Fourteen models classified those letters from the letter text alone. I deliberately spanned a range within each family rather than relying on a single model: four Claude tiers (Haiku, Sonnet, Opus, and the newest flagship Fable 5); three GPT models reaching back across generations (the 2023-era GPT-3.5 up to today's GPT-5.5); three Gemini tiers (Pro, Flash, Flash-Lite); and four open-weight models. By "frontier" I mean the newest flagship in each family: Fable 5, GPT-5.5, Gemini Pro. Two findings:
A note on coverage, and on the open models specifically. The agreement figures above come from the 20-letter expert set, the only letters with human labels, and that holds for every model open and closed. The open-weight models are not uniformly strong: against the human gold, phi-4 and Mistral reach Cohen's κ 0.85 on stance and gemma 0.84, all tying the commercial frontier and sitting at the 0.82 human ceiling, while Qwen, a 0.5-billion-parameter model included as a deliberate floor, reaches only κ 0.30. The four open models were additionally run over the full corpus of every letter on the site, so the stance result does not rest on the small sample alone.
Stance is one pick out of three and entity one out of ten, but rationale is a set: a single letter can invoke several economic arguments at once, chosen from a couple dozen codes. There is no one right answer to match against, so agreement here is measured as how much two readers' sets of codes overlap rather than by kappa, and it is the lowest-agreement dimension of the three, for humans and models alike.
On the human side, the experts overlap on rationale only about half the time, well below their stance agreement. Much of that reflects coding depth: readers differ in how many arguments they record per letter. One expert codes inclusively, around three per letter; another codes minimally, closer to one or two.
On the cross-model side, the models divide their emphasis differently from the people. They reach for specific economic-mechanism arguments (fraud and insider risk, market function, information asymmetry) two to three times as often as the human coders do, while leaning less on the single broad argument the humans use most, investor protection. The models and the humans read the same letters; they apportion the why differently.
The upshot: rationale is where I would trust the labels least, and where the method still needs the most work: fixing a consistent coding depth before these overlap numbers are fully comparable. Stance is solid, entity is harder, and rationale is the challenge.

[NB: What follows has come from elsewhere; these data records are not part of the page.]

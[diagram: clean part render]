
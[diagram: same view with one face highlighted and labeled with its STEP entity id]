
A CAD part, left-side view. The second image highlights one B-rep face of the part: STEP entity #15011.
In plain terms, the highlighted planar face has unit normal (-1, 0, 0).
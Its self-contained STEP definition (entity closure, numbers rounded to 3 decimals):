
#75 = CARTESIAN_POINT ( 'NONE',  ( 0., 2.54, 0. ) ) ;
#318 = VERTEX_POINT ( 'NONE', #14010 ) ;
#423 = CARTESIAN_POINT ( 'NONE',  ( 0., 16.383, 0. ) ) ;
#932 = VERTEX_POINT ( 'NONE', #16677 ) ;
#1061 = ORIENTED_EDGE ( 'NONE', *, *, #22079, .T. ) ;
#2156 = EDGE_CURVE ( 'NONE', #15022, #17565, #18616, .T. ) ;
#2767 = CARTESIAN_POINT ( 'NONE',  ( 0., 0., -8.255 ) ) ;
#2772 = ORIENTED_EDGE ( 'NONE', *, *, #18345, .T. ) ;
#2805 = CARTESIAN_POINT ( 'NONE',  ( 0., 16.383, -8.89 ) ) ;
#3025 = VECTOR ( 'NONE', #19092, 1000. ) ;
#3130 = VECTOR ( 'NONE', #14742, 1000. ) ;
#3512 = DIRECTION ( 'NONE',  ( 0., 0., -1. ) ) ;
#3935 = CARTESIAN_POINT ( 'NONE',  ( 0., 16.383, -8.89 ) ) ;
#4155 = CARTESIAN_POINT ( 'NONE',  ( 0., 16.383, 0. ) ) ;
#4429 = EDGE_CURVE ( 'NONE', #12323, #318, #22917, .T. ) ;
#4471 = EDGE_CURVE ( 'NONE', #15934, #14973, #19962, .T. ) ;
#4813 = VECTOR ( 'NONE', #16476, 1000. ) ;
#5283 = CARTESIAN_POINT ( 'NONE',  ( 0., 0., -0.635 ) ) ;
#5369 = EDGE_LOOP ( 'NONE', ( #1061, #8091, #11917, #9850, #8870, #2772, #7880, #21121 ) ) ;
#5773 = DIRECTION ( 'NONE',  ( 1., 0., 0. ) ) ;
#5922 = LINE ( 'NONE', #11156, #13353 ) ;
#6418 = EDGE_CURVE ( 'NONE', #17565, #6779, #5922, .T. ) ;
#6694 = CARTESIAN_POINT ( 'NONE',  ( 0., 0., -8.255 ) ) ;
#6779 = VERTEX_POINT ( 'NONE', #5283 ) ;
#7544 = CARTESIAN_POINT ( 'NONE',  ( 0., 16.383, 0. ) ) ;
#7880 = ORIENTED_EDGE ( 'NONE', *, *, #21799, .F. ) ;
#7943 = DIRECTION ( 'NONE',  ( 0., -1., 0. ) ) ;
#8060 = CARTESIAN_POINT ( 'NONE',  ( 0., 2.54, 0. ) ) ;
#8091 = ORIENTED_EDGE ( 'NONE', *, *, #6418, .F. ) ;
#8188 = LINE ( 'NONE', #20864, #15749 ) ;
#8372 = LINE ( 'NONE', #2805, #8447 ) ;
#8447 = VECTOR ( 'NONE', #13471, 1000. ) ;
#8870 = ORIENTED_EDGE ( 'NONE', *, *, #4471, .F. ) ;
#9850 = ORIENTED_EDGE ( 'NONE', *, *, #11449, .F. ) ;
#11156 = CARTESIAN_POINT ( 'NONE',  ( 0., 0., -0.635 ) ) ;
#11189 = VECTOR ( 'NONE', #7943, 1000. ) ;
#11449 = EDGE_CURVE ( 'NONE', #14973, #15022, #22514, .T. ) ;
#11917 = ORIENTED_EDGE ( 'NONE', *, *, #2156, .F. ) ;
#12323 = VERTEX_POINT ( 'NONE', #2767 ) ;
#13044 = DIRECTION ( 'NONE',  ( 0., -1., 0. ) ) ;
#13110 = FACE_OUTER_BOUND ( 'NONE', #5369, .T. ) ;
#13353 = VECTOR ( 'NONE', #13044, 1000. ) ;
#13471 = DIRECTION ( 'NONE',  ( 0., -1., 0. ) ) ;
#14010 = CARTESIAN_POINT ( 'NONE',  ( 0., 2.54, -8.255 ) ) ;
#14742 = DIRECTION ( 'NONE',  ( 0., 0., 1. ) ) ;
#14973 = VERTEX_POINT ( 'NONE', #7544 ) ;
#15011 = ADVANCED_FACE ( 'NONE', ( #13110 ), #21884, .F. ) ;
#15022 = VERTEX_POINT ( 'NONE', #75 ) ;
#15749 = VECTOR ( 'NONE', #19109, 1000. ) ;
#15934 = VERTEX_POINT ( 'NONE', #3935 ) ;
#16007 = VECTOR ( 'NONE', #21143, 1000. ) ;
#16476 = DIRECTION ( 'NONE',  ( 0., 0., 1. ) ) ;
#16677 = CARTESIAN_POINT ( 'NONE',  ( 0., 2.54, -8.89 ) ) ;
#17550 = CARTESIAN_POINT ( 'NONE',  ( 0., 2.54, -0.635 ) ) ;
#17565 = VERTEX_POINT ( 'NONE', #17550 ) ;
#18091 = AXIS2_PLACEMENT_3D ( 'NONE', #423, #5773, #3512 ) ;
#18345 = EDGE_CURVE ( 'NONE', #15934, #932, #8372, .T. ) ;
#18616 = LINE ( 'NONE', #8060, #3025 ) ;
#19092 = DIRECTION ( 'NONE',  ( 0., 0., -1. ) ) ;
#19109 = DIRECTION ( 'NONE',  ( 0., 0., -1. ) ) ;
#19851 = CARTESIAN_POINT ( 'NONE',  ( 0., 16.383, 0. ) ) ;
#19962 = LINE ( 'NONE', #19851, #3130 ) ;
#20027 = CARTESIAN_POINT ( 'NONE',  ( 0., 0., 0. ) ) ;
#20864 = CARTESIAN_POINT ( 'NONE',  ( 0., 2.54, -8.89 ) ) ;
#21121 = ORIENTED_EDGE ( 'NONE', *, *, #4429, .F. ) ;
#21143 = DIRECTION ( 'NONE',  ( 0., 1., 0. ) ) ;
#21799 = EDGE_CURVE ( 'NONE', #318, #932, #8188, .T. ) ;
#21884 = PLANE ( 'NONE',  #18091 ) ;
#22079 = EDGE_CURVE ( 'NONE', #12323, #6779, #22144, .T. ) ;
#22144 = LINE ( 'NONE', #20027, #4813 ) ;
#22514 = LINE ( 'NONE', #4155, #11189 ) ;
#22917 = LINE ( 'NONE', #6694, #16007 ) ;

The finding does not depend on any one vendor. Measured against the human gold standard on the expert set, three open-weight models that anyone can download and run for free (a 14B, a 24B, and a 27B) reach Cohen's κ of 0.84 to 0.85 on stance: the same band as Opus 4.8, GPT-5.5, and Gemini Pro, and at the 0.82 three-rater human ceiling. On stance, a free model rates the letters about as reliably as the commercial frontier and about as well as adding another human expert. The strongest closed models also re-derive the stance labels published on this site almost perfectly; several agree on 100% of the validation letters. (Entity and rationale reproduce less well, as expected since they are the harder dimensions.)